'The man with the key is not here' - Xi'an Jiaotong-Liverpool University
I’m an academic working on social and political change in China. With the dramatic changes after 1978, I increasingly came to think that there would be an advantage in having students learn about China, as well as learning Chinese in China. The approach is one of the lived China experience. At the same time, for myself and other academics, there are advantages to be had from living, working, and conducting research in China. The opportunity to experiment with these ideas came in 2013 when I was invited to help develop a Department of China Studies at Xi’an Jiaotong-Liverpool University (XJTLU) in Suzhou.
XJTLU is a Joint Venture University (Xi’an Jiaotong University and University of Liverpool are the parents) located in Suzhou Industrial Park, to the east of the old city of Suzhou. Currently there are about 9,500 domestic Chinese students and 610 international students enrolled in 35 undergraduate degree programs and 27 postgraduate coursework programs. Teaching Chinese students in China is great fun. The students are enthusiastic and engaged, determined to succeed. Of course, their approach to China Studies is different to their international peers, not least because of schooling and socialisation. This difference sometimes makes for unnecessary gaps in the learning environment, in both directions, which the department has to provide through short courses and additional activities.

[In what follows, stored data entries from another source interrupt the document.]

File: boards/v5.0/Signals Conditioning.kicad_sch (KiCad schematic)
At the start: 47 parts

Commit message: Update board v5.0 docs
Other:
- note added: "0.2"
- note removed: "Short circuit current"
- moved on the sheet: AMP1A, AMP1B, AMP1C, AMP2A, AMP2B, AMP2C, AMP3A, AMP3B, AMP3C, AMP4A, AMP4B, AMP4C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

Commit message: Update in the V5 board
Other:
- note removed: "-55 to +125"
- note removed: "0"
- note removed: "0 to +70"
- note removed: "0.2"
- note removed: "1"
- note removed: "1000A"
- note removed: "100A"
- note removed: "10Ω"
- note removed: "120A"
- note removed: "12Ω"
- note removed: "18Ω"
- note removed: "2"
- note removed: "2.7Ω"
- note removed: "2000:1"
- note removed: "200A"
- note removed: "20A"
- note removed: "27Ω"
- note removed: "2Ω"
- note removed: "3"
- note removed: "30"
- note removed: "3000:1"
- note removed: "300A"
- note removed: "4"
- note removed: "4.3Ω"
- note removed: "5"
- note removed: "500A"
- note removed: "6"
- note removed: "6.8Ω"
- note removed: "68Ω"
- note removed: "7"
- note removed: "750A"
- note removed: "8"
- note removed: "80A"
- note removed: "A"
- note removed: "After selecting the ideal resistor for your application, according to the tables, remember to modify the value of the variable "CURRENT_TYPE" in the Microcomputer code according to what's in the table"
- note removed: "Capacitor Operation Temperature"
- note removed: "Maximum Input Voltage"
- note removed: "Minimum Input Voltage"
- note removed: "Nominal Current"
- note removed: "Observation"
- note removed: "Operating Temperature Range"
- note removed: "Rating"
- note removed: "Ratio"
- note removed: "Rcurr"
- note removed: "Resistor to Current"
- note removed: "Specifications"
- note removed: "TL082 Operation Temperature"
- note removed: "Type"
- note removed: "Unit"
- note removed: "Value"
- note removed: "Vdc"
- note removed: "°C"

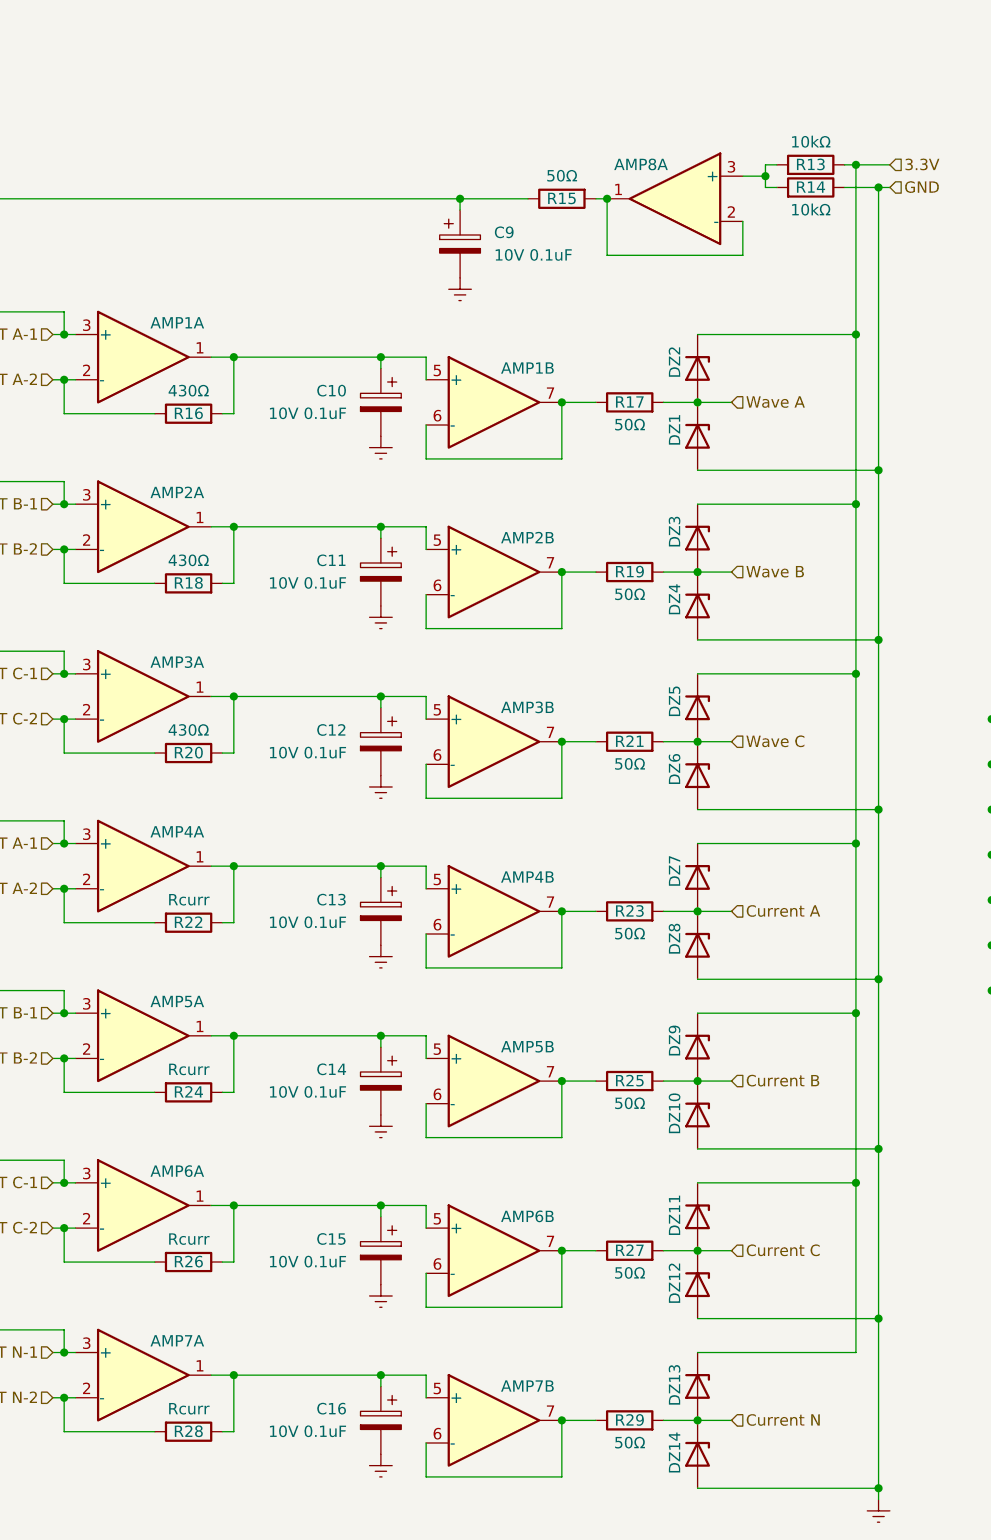
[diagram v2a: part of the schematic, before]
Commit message: Add Jupyter notebook for calculating possible sample rates
- Introduced a new notebook `possible_sample_rates.ipynb` that calculates sample rates based on a base frequency of 60Hz.
- The notebook iterates through a range of values to compute and print sample rates, frequencies, microseconds, and remainders for specific conditions.
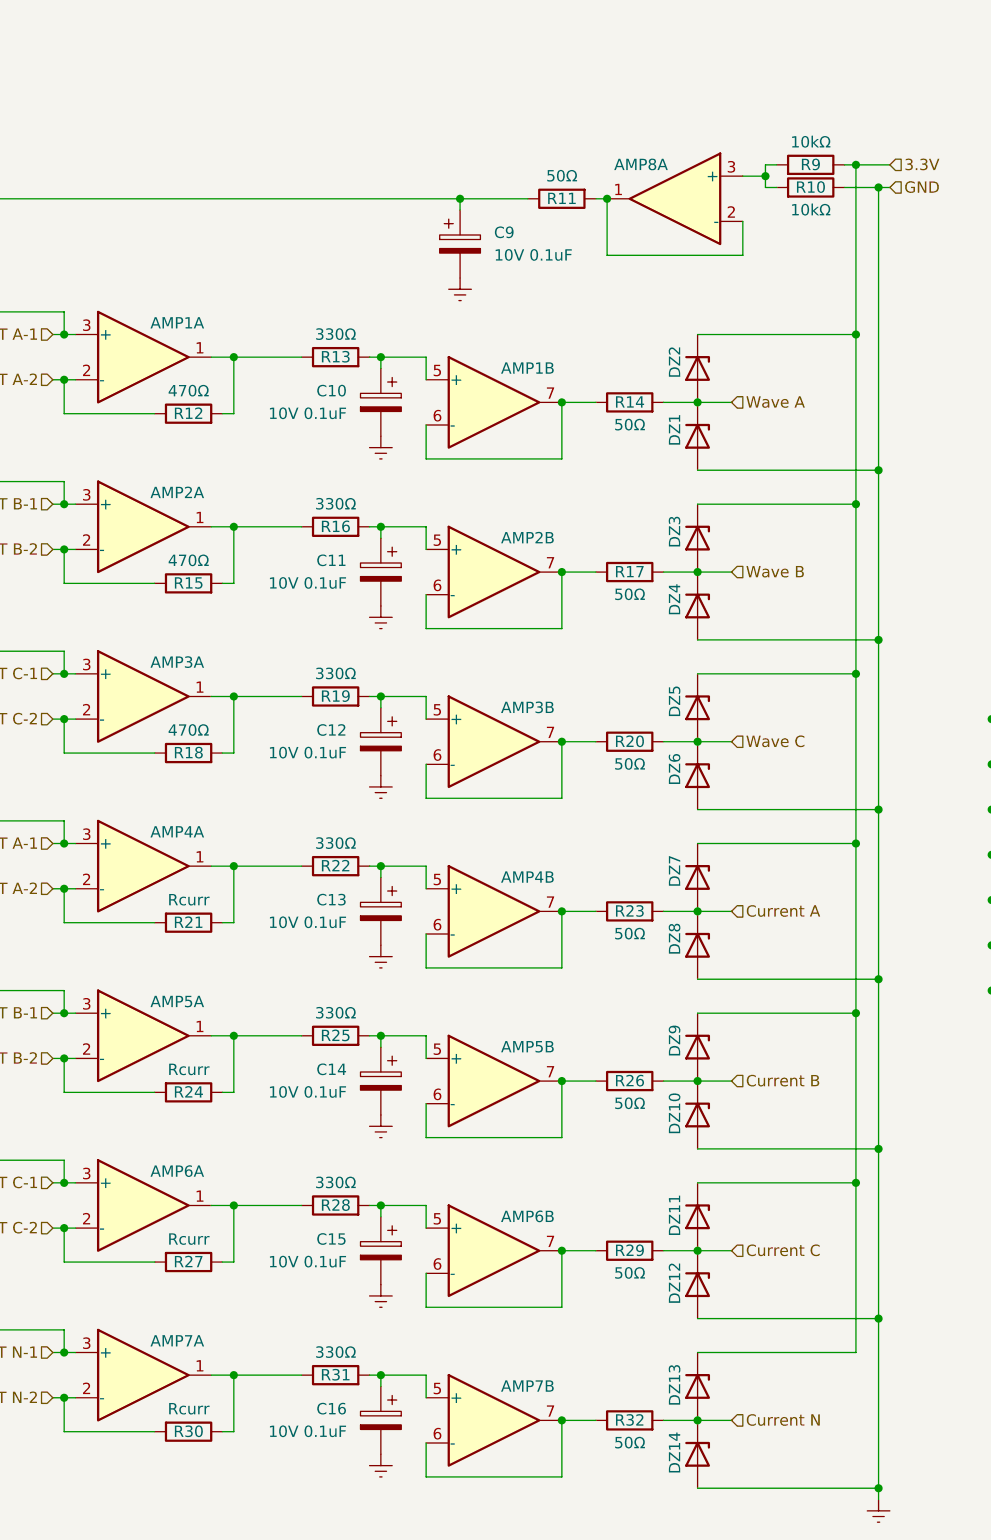
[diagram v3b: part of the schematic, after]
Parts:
- added R13, R16, R19, R22, R25, R28, R31: 330Ω, Resistor_SMD:R_1206_3216Metric, symbol Device:R
- R12: renamed from R16; value 430Ω -> 470Ω
- R15: renamed from R18; value 430Ω -> 470Ω
- R18: renamed from R20; value 430Ω -> 470Ω
- renumbered R14 to R10, R15 to R11, R17 to R14, R19 to R17, R21 to R20, R22 to R21, R25 to R26, R26 to R27, R27 to R29, R28 to R30, R29 to R32, R13 to R9
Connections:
- net at AMP1.1, R12.2: now also R13.1; no longer AMP1.5 (+), C10.1
- net at AMP2.5 (+), C11.1: now also R16.2; no longer AMP2.1, R15.2
- net at AMP4.1, R21.1: now also R22.1; no longer AMP4.5 (+), C13.1
- net at AMP3.1, R18.2: now also R19.1; no longer AMP3.5 (+), C12.1
- net at AMP6.1, R27.1: now also R28.1; no longer AMP6.5 (+), C15.1
- net at AMP7.5 (+), C16.1: now also R31.2; no longer AMP7.1, R30.1
- net at AMP5.5 (+), C14.1: now also R25.2; no longer AMP5.1, R24.1
- new net: AMP4.5 (+), C13.1, R22.2
- new net: AMP6.5 (+), C15.1, R28.2
- new net: AMP3.5 (+), C12.1, R19.2
- new net: AMP5.1, R24.1, R25.1
- new net: AMP2.1, R15.2, R16.1
- new net: AMP1.5 (+), C10.1, R13.2
- new net: AMP7.1, R30.1, R31.1

Working in China is of course not without its challenges. Many people outside China, even some of those who have been there in the past, assume that we have no academic freedom, that we are constrained in what we can teach or research, or even that we are told what to do and how to do it. On the whole, such problems are minimal. Of that kind the only real problem is that book suppliers will sometimes act on the side of caution if asked to provide a book to the Library or students. Fear of getting into trouble is their motivator, sometimes without any reasonable basis of thought. I was recently stopped from importing a Chinese language version of Mao Zedong’s commentaries on literature and art. It was a book originally published openly in China, where it had been purchased. I am still trying to work out why importation was not permitted.
More serious are the problems of living and working in a society developing from a radically different social system, by importing some of the technologies and practices from elsewhere. As all our students know, mobile phone usage and Internet access require VPN installation. Luckily the market demand is well met by Chinese providers. Office administrative practice usually fails to keep up with the speed of change: functions in the workplace most usually stop when someone with a specific task is on leave or is sick; there is little client service mentality. In the 1970s when I first lived in China we used to talk about “the man with the key is not here” – the phenomenon of the lack of access to something when a request was made. These days it’s “I’m sorry, my colleague whose responsibility to approve your emergency need for a replacement computer is away for two weeks.”